Records from a collection
══════════════════════════════
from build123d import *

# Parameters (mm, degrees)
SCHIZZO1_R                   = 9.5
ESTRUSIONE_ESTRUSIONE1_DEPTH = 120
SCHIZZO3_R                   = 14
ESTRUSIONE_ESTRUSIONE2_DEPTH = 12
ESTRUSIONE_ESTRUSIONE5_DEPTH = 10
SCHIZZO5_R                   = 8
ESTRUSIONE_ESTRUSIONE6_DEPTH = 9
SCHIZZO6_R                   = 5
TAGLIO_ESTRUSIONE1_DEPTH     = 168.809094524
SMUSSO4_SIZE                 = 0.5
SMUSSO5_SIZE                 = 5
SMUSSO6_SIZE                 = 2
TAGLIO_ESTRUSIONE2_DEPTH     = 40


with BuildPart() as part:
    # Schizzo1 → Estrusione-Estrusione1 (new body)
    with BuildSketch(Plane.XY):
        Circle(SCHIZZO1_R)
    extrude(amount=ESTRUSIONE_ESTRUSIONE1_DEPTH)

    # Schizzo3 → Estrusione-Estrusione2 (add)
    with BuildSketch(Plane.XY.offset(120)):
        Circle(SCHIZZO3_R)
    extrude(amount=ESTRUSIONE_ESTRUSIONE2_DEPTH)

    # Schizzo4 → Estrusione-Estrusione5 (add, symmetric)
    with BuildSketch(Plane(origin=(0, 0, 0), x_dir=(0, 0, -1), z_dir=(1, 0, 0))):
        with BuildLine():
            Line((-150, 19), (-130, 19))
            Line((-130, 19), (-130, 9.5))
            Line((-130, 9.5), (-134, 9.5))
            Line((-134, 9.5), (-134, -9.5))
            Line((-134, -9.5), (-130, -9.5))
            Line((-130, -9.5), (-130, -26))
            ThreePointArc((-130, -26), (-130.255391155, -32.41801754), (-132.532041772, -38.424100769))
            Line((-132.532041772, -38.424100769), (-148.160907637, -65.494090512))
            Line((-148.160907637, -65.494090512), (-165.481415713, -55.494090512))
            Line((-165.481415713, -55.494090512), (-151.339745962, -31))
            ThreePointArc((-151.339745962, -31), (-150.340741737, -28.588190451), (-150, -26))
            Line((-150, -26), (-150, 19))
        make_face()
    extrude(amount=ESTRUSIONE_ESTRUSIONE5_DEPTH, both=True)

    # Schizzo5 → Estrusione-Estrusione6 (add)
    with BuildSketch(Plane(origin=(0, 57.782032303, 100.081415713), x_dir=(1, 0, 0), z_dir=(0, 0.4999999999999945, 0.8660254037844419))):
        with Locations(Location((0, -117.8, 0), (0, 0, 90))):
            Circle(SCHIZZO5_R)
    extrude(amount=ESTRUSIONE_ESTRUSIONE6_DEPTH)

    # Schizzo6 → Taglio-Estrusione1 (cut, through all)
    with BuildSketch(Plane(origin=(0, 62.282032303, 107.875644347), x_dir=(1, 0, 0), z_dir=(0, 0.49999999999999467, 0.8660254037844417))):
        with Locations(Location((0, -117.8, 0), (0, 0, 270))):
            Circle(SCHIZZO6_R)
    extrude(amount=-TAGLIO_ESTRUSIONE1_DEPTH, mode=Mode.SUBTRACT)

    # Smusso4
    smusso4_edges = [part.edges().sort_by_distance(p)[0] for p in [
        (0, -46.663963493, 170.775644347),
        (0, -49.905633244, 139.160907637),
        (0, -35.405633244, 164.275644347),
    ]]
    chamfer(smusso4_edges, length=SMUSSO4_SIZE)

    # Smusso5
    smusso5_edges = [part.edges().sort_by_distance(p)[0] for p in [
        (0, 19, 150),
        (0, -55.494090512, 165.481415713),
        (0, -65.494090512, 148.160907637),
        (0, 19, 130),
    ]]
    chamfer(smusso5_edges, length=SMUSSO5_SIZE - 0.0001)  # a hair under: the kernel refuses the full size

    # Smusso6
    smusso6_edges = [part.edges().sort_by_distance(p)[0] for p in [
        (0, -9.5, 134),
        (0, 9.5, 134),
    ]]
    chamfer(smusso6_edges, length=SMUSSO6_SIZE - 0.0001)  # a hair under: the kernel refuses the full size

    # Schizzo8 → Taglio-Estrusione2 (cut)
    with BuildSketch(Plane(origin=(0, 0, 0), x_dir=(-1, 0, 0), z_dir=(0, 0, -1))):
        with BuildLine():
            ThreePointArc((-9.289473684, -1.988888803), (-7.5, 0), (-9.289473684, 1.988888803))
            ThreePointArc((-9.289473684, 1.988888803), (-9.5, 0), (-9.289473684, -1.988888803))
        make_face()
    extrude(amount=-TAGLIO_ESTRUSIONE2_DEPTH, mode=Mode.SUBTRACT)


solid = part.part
══════════════════════════════
■ AIM OF THE TASK ■
Reproduce all of the entries word for word.

■ RESULT OF THIS EXERCISE ■
from build123d import *

# Parameters (mm, degrees)
SCHIZZO1_R                   = 9.5
ESTRUSIONE_ESTRUSIONE1_DEPTH = 120
SCHIZZO3_R                   = 14
ESTRUSIONE_ESTRUSIONE2_DEPTH = 12
ESTRUSIONE_ESTRUSIONE5_DEPTH = 10
SCHIZZO5_R                   = 8
ESTRUSIONE_ESTRUSIONE6_DEPTH = 9
SCHIZZO6_R                   = 5
TAGLIO_ESTRUSIONE1_DEPTH     = 168.809094524
SMUSSO4_SIZE                 = 0.5
SMUSSO5_SIZE                 = 5
SMUSSO6_SIZE                 = 2
TAGLIO_ESTRUSIONE2_DEPTH     = 40


with BuildPart() as part:
    # Schizzo1 → Estrusione-Estrusione1 (new body)
    with BuildSketch(Plane.XY):
        Circle(SCHIZZO1_R)
    extrude(amount=ESTRUSIONE_ESTRUSIONE1_DEPTH)

    # Schizzo3 → Estrusione-Estrusione2 (add)
    with BuildSketch(Plane.XY.offset(120)):
        Circle(SCHIZZO3_R)
    extrude(amount=ESTRUSIONE_ESTRUSIONE2_DEPTH)

    # Schizzo4 → Estrusione-Estrusione5 (add, symmetric)
    with BuildSketch(Plane(origin=(0, 0, 0), x_dir=(0, 0, -1), z_dir=(1, 0, 0))):
        with BuildLine():
            Line((-150, 19), (-130, 19))
            Line((-130, 19), (-130, 9.5))
            Line((-130, 9.5), (-134, 9.5))
            Line((-134, 9.5), (-134, -9.5))
            Line((-134, -9.5), (-130, -9.5))
            Line((-130, -9.5), (-130, -26))
            ThreePointArc((-130, -26), (-130.255391155, -32.41801754), (-132.532041772, -38.424100769))
            Line((-132.532041772, -38.424100769), (-148.160907637, -65.494090512))
            Line((-148.160907637, -65.494090512), (-165.481415713, -55.494090512))
            Line((-165.481415713, -55.494090512), (-151.339745962, -31))
            ThreePointArc((-151.339745962, -31), (-150.340741737, -28.588190451), (-150, -26))
            Line((-150, -26), (-150, 19))
        make_face()
    extrude(amount=ESTRUSIONE_ESTRUSIONE5_DEPTH, both=True)

    # Schizzo5 → Estrusione-Estrusione6 (add)
    with BuildSketch(Plane(origin=(0, 57.782032303, 100.081415713), x_dir=(1, 0, 0), z_dir=(0, 0.4999999999999945, 0.8660254037844419))):
        with Locations(Location((0, -117.8, 0), (0, 0, 90))):
            Circle(SCHIZZO5_R)
    extrude(amount=ESTRUSIONE_ESTRUSIONE6_DEPTH)

    # Schizzo6 → Taglio-Estrusione1 (cut, through all)
    with BuildSketch(Plane(origin=(0, 62.282032303, 107.875644347), x_dir=(1, 0, 0), z_dir=(0, 0.49999999999999467, 0.8660254037844417))):
        with Locations(Location((0, -117.8, 0), (0, 0, 270))):
            Circle(SCHIZZO6_R)
    extrude(amount=-TAGLIO_ESTRUSIONE1_DEPTH, mode=Mode.SUBTRACT)

    # Smusso4
    smusso4_edges = [part.edges().sort_by_distance(p)[0] for p in [
        (0, -46.663963493, 170.775644347),
        (0, -49.905633244, 139.160907637),
        (0, -35.405633244, 164.275644347),
    ]]
    chamfer(smusso4_edges, length=SMUSSO4_SIZE)

    # Smusso5
    smusso5_edges = [part.edges().sort_by_distance(p)[0] for p in [
        (0, 19, 150),
        (0, -55.494090512, 165.481415713),
        (0, -65.494090512, 148.160907637),
        (0, 19, 130),
    ]]
    chamfer(smusso5_edges, length=SMUSSO5_SIZE - 0.0001)  # a hair under: the kernel refuses the full size

    # Smusso6
    smusso6_edges = [part.edges().sort_by_distance(p)[0] for p in [
        (0, -9.5, 134),
        (0, 9.5, 134),
    ]]
    chamfer(smusso6_edges, length=SMUSSO6_SIZE - 0.0001)  # a hair under: the kernel refuses the full size

    # Schizzo8 → Taglio-Estrusione2 (cut)
    with BuildSketch(Plane(origin=(0, 0, 0), x_dir=(-1, 0, 0), z_dir=(0, 0, -1))):
        with BuildLine():
            ThreePointArc((-9.289473684, -1.988888803), (-7.5, 0), (-9.289473684, 1.988888803))
            ThreePointArc((-9.289473684, 1.988888803), (-9.5, 0), (-9.289473684, -1.988888803))
        make_face()
    extrude(amount=-TAGLIO_ESTRUSIONE2_DEPTH, mode=Mode.SUBTRACT)


solid = part.part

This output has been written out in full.